Give the data again word for word; drop the pictures.

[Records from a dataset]
☆ ☆ ☆ ☆

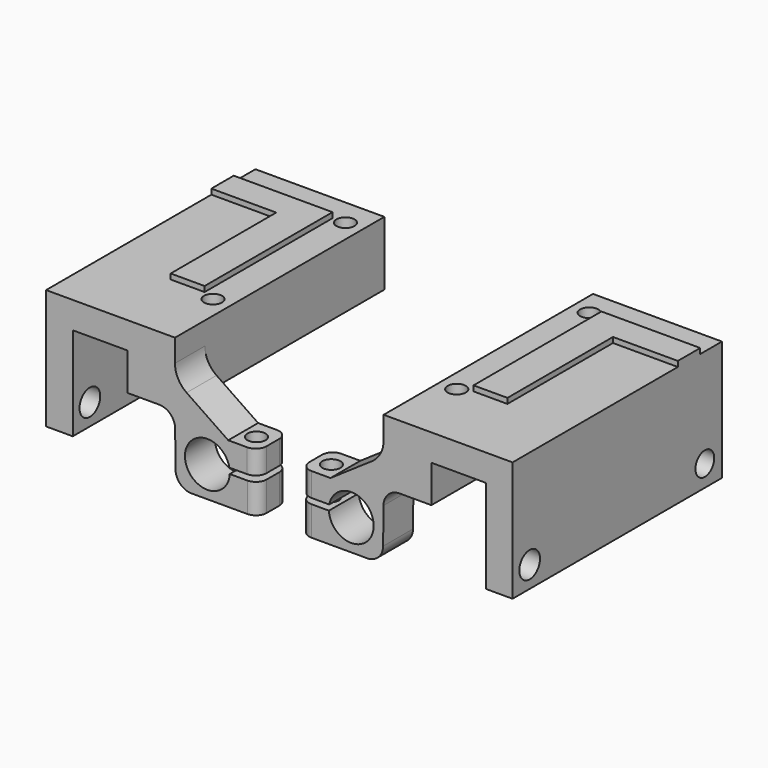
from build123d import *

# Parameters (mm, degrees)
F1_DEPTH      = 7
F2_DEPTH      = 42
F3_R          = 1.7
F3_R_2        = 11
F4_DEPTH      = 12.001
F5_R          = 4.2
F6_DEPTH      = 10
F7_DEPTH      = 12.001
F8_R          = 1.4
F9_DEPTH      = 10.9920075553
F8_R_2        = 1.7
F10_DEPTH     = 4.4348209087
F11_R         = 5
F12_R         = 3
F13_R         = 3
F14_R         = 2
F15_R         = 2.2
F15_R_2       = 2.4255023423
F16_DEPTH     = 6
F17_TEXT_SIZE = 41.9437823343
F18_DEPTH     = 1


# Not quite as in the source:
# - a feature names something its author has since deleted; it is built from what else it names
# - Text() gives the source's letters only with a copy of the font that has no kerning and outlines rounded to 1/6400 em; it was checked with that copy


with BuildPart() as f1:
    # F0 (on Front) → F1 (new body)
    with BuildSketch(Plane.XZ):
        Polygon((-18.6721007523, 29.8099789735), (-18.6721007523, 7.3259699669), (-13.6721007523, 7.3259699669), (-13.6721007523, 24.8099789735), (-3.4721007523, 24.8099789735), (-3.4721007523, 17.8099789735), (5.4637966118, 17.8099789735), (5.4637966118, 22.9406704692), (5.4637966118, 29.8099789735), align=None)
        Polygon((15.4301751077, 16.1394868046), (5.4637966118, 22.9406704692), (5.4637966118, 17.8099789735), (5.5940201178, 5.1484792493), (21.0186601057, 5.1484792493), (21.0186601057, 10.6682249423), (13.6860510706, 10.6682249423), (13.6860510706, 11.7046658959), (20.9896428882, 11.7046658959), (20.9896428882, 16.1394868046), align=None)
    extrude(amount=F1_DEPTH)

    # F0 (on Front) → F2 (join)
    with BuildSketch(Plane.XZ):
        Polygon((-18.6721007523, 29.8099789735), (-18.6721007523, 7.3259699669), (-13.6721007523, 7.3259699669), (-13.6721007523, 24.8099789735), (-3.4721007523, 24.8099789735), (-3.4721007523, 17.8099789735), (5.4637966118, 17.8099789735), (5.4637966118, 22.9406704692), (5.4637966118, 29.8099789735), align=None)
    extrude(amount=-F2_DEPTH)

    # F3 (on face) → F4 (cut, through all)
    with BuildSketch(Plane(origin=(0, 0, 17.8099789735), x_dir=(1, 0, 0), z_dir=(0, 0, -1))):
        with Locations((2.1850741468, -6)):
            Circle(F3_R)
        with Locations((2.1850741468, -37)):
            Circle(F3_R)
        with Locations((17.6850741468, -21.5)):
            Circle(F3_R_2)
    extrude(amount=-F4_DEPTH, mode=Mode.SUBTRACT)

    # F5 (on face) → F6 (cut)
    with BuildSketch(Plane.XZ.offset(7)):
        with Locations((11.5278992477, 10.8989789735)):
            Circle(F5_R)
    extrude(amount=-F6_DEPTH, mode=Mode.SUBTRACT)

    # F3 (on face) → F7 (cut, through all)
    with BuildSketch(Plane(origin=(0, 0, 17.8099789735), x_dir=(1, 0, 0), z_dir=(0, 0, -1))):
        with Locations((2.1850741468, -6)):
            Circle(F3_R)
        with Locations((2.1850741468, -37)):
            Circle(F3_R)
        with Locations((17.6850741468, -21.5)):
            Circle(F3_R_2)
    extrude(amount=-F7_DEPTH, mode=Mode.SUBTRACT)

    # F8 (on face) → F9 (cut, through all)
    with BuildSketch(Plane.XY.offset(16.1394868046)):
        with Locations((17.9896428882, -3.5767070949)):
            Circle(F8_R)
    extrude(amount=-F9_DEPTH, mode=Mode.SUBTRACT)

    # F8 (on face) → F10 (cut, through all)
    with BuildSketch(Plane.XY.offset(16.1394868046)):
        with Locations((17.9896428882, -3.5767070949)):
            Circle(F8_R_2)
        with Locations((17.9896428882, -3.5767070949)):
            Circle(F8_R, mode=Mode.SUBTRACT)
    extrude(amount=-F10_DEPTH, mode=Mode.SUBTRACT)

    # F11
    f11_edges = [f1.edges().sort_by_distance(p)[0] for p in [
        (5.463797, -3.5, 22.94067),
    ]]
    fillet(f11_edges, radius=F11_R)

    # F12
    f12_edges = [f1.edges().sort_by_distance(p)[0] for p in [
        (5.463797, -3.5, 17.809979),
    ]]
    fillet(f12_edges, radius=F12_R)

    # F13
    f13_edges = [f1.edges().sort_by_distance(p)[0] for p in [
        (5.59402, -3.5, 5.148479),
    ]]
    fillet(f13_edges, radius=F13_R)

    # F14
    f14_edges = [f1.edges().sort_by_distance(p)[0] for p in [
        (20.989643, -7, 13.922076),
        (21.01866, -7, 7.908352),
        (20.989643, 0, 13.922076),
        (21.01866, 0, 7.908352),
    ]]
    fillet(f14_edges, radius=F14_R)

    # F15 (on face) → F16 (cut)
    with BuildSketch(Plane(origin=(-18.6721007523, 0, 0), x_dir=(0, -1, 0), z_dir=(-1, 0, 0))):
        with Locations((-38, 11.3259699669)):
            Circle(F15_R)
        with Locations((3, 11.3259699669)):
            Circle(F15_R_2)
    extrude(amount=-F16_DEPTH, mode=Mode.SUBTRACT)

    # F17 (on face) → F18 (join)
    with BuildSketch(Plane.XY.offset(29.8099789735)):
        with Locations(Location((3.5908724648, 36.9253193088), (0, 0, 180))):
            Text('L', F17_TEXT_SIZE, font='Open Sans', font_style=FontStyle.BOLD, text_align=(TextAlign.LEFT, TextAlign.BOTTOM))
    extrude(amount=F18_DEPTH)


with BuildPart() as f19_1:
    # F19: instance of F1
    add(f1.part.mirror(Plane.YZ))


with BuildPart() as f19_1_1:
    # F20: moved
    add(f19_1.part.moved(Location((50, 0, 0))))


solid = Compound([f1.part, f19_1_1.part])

☆ ☆ ☆ ☆

Answer space:
from build123d import *

# Parameters (mm, degrees)
F1_DEPTH      = 7
F2_DEPTH      = 42
F3_R          = 1.7
F3_R_2        = 11
F4_DEPTH      = 12.001
F5_R          = 4.2
F6_DEPTH      = 10
F7_DEPTH      = 12.001
F8_R          = 1.4
F9_DEPTH      = 10.9920075553
F8_R_2        = 1.7
F10_DEPTH     = 4.4348209087
F11_R         = 5
F12_R         = 3
F13_R         = 3
F14_R         = 2
F15_R         = 2.2
F15_R_2       = 2.4255023423
F16_DEPTH     = 6
F17_TEXT_SIZE = 41.9437823343
F18_DEPTH     = 1


# Not quite as in the source:
# - a feature names something its author has since deleted; it is built from what else it names
# - Text() gives the source's letters only with a copy of the font that has no kerning and outlines rounded to 1/6400 em; it was checked with that copy


with BuildPart() as f1:
    # F0 (on Front) → F1 (new body)
    with BuildSketch(Plane.XZ):
        Polygon((-18.6721007523, 29.8099789735), (-18.6721007523, 7.3259699669), (-13.6721007523, 7.3259699669), (-13.6721007523, 24.8099789735), (-3.4721007523, 24.8099789735), (-3.4721007523, 17.8099789735), (5.4637966118, 17.8099789735), (5.4637966118, 22.9406704692), (5.4637966118, 29.8099789735), align=None)
        Polygon((15.4301751077, 16.1394868046), (5.4637966118, 22.9406704692), (5.4637966118, 17.8099789735), (5.5940201178, 5.1484792493), (21.0186601057, 5.1484792493), (21.0186601057, 10.6682249423), (13.6860510706, 10.6682249423), (13.6860510706, 11.7046658959), (20.9896428882, 11.7046658959), (20.9896428882, 16.1394868046), align=None)
    extrude(amount=F1_DEPTH)

    # F0 (on Front) → F2 (join)
    with BuildSketch(Plane.XZ):
        Polygon((-18.6721007523, 29.8099789735), (-18.6721007523, 7.3259699669), (-13.6721007523, 7.3259699669), (-13.6721007523, 24.8099789735), (-3.4721007523, 24.8099789735), (-3.4721007523, 17.8099789735), (5.4637966118, 17.8099789735), (5.4637966118, 22.9406704692), (5.4637966118, 29.8099789735), align=None)
    extrude(amount=-F2_DEPTH)

    # F3 (on face) → F4 (cut, through all)
    with BuildSketch(Plane(origin=(0, 0, 17.8099789735), x_dir=(1, 0, 0), z_dir=(0, 0, -1))):
        with Locations((2.1850741468, -6)):
            Circle(F3_R)
        with Locations((2.1850741468, -37)):
            Circle(F3_R)
        with Locations((17.6850741468, -21.5)):
            Circle(F3_R_2)
    extrude(amount=-F4_DEPTH, mode=Mode.SUBTRACT)

    # F5 (on face) → F6 (cut)
    with BuildSketch(Plane.XZ.offset(7)):
        with Locations((11.5278992477, 10.8989789735)):
            Circle(F5_R)
    extrude(amount=-F6_DEPTH, mode=Mode.SUBTRACT)

    # F3 (on face) → F7 (cut, through all)
    with BuildSketch(Plane(origin=(0, 0, 17.8099789735), x_dir=(1, 0, 0), z_dir=(0, 0, -1))):
        with Locations((2.1850741468, -6)):
            Circle(F3_R)
        with Locations((2.1850741468, -37)):
            Circle(F3_R)
        with Locations((17.6850741468, -21.5)):
            Circle(F3_R_2)
    extrude(amount=-F7_DEPTH, mode=Mode.SUBTRACT)

    # F8 (on face) → F9 (cut, through all)
    with BuildSketch(Plane.XY.offset(16.1394868046)):
        with Locations((17.9896428882, -3.5767070949)):
            Circle(F8_R)
    extrude(amount=-F9_DEPTH, mode=Mode.SUBTRACT)

    # F8 (on face) → F10 (cut, through all)
    with BuildSketch(Plane.XY.offset(16.1394868046)):
        with Locations((17.9896428882, -3.5767070949)):
            Circle(F8_R_2)
        with Locations((17.9896428882, -3.5767070949)):
            Circle(F8_R, mode=Mode.SUBTRACT)
    extrude(amount=-F10_DEPTH, mode=Mode.SUBTRACT)

    # F11
    f11_edges = [f1.edges().sort_by_distance(p)[0] for p in [
        (5.463797, -3.5, 22.94067),
    ]]
    fillet(f11_edges, radius=F11_R)

    # F12
    f12_edges = [f1.edges().sort_by_distance(p)[0] for p in [
        (5.463797, -3.5, 17.809979),
    ]]
    fillet(f12_edges, radius=F12_R)

    # F13
    f13_edges = [f1.edges().sort_by_distance(p)[0] for p in [
        (5.59402, -3.5, 5.148479),
    ]]
    fillet(f13_edges, radius=F13_R)

    # F14
    f14_edges = [f1.edges().sort_by_distance(p)[0] for p in [
        (20.989643, -7, 13.922076),
        (21.01866, -7, 7.908352),
        (20.989643, 0, 13.922076),
        (21.01866, 0, 7.908352),
    ]]
    fillet(f14_edges, radius=F14_R)

    # F15 (on face) → F16 (cut)
    with BuildSketch(Plane(origin=(-18.6721007523, 0, 0), x_dir=(0, -1, 0), z_dir=(-1, 0, 0))):
        with Locations((-38, 11.3259699669)):
            Circle(F15_R)
        with Locations((3, 11.3259699669)):
            Circle(F15_R_2)
    extrude(amount=-F16_DEPTH, mode=Mode.SUBTRACT)

    # F17 (on face) → F18 (join)
    with BuildSketch(Plane.XY.offset(29.8099789735)):
        with Locations(Location((3.5908724648, 36.9253193088), (0, 0, 180))):
            Text('L', F17_TEXT_SIZE, font='Open Sans', font_style=FontStyle.BOLD, text_align=(TextAlign.LEFT, TextAlign.BOTTOM))
    extrude(amount=F18_DEPTH)


with BuildPart() as f19_1:
    # F19: instance of F1
    add(f1.part.mirror(Plane.YZ))


with BuildPart() as f19_1_1:
    # F20: moved
    add(f19_1.part.moved(Location((50, 0, 0))))


solid = Compound([f1.part, f19_1_1.part])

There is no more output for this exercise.